DIRECTIONS
For the entries below, report every line that includes the word "hole".

INPUT
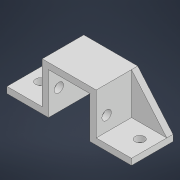
# Autodesk Inventor part: Horizontal Support Bracket
Saved by Autodesk Inventor 2022 (Build 260153000, 153)
## iProperties
Created: 2023-01-13
Part Number: Horizontal Support Bracket
Material: Generic
Document SubType Name: Modeling
Designer: Ryan Mitcham
Density: 1 g/cm^3
Appearance: Default
Author: Ryan Mitcham
Autodesk Inventor part; units mm, degrees
ref_plane "YZ Plane" through (0, 0, 0) normal (1, 0, 0) x (0, 1, 0)
ref_plane "XZ Plane" through (0, 0, 0) normal (0, 1, 0) x (-1, 0, 0)
ref_plane "XY Plane" through (0, 0, 0) normal (0, 0, 1) x (1, 0, 0)
sketch "Sketch2" plane through (0, 0, 0) normal (0, 0, 1) x (1, 0, 0)
  line L0 (-30, 11.5) -> (-30, -11.5)
  line L1 (-30, -11.5) -> (-10, -11.5)
  line L2 (-10, -11.5) -> (-10, 8.5)
  line L3 (-10, 8.5) -> (10, 8.5)
  line L4 (10, 8.5) -> (10, -11.5)
  line L5 (10, -11.5) -> (30, -11.5)
  line L6 (30, -11.5) -> (30, 11.5)
  line L7 (30, 11.5) -> (-30, 11.5)
  point P0 (0, 0)
  point P1 (0, 11.5)
  point P2 (30, 0)
  dimension "d6" = 23
  dimension "d7" = 20
  dimension "d8" = 20
  constraints: 16 end point, 7 perpendicular, 3 equal length, 2 midpoint, 1 horizontal alignment, 1 vertical, 1 vertical alignment
  measures "d6" distance of L5.end L6.end
  measures "d7" distance of L4.end L5.end
  measures "d8" distance of L2.end L3.end
extrude "Extrusion1" add sketch "Sketch2" along normal blind 3
sketch "Sketch3" plane through (0, 0, 3) normal (0, 0, 1) x (1, 0, 0)
  line L0 (30, 11.5) -> (-30, 11.5) projected
  line L1 (-13, 11.5) -> (-30, -8.5)
  line L2 (-30, 11.5) -> (-30, -11.5) projected
  line L3 (-30, 11.5) -> (-13, 11.5)
  line L4 (-10, -11.5) -> (-10, 8.5) projected
  line L5 (13, 11.5) -> (30, -8.5)
  line L6 (30, -11.5) -> (30, 11.5) projected
  line L7 (10, 8.5) -> (10, -11.5) projected
  line L8 (10, -11.5) -> (30, -11.5) projected
  point P0 (0, 0)
  dimension "d11" = 3
  dimension "d12" = 3
  dimension "d13" = 3
  dimension "d14" = 3
  constraints: 6 end point, 4 point on line, 1 horizontal
  measures "d11" distance of L2.end L1.end
  measures "d12" distance from line of L1.start L4
  measures "d13" distance from line of L7 L5.start
  measures "d14" distance from line of L8 L5.end
extrude "Extrusion2" cut sketch "Sketch3" against normal through all
sketch "Sketch4" plane through (0, 0, 3) normal (0, 0, 1) x (1, 0, 0)
  line L0 (-30, -8.5) -> (-30, -11.5) projected
  line L1 (-30, -8.5) -> (-13, -8.5)
  line L2 (13, 11.5) -> (-13, 11.5) projected
  line L3 (-13, -8.5) -> (-13, 11.5)
  line L4 (30, -11.5) -> (30, -8.5) projected
  line L5 (30, -8.5) -> (13, -8.5)
  line L6 (13, -8.5) -> (13, 11.5)
  line L7 (30, -8.5) -> (13, 11.5) projected
  line L8 (13, 11.5) -> (-13, 11.5) projected
  line L9 (-13, 11.5) -> (-30, -8.5) projected
  line L10 (-30, -8.5) -> (-30, -11.5) projected
  line L11 (-30, -11.5) -> (-10, -11.5) projected
  line L12 (-10, -11.5) -> (-10, 8.5) projected
  line L13 (-10, 8.5) -> (10, 8.5) projected
  line L14 (10, 8.5) -> (10, -11.5) projected
  line L15 (10, -11.5) -> (30, -11.5) projected
  line L16 (30, -11.5) -> (30, -8.5) projected
  point P0 (0, 0)
  dimension "d17" = 90
  dimension "d20" = 90
  constraints: 8 end point, 2 horizontal
  measures "d17" angle of L1 L3
  measures "d20" angle of L5 L6
extrude "Extrusion3" add sketch "Sketch4" along normal blind 17 contours L1 L3 L2 L6 L5 L4 L15 L14 L13 L12 L11 L0
sketch "Sketch5" plane through (-13, -8.5, 3) normal (-1, 0, 0) x (0, 0, 1)
  line L0 (-3, 17) -> (17, 17) projected
  line L1 (17, 20) -> (17, 0) projected
  point P0 (-3, 8.5)
  point P1 (12, 7)
  dimension "d23" = 10
  dimension "d24" = 5
  measures "d23" distance from line of point (12, 7) L0
  measures "d24" distance from line of L1 point (12, 7)
hole "Hole1" at (-13, -1.5, 15) direction (1, 0, 0) diameter 4.5 end through all
sketch "Sketch6" plane through (-30, -8.5, 3) normal (0, 1, 0) x (1, 0, 0)
  line L0 (17, -17) -> (0, -17) projected
  line L1 (0, 0) -> (0, -17) projected
  line L2 (60, 0) -> (60, -17) projected
  point P0 (30, 3)
  point P1 (6, -7)
  point P2 (54, -7)
  dimension "d32" = 10
  dimension "d33" = 6
  dimension "d34" = 6
  constraints: 1 horizontal alignment
  measures "d32" distance from line of point (6, -7) L0
  measures "d33" distance from line of L1 point (6, -7)
  measures "d34" distance from line of L2 point (54, -7)
hole "Hole2" at (-24, -8.5, 10) at (24, -8.5, 10) direction (0, -1, 0) diameter 4.5 end through all
equation "\"d34\" = d33"
body "Solid1"

RESPONSE
hole "Hole1" at (-13, -1.5, 15) direction (1, 0, 0) diameter 4.5 end through all
hole "Hole2" at (-24, -8.5, 10) at (24, -8.5, 10) direction (0, -1, 0) diameter 4.5 end through all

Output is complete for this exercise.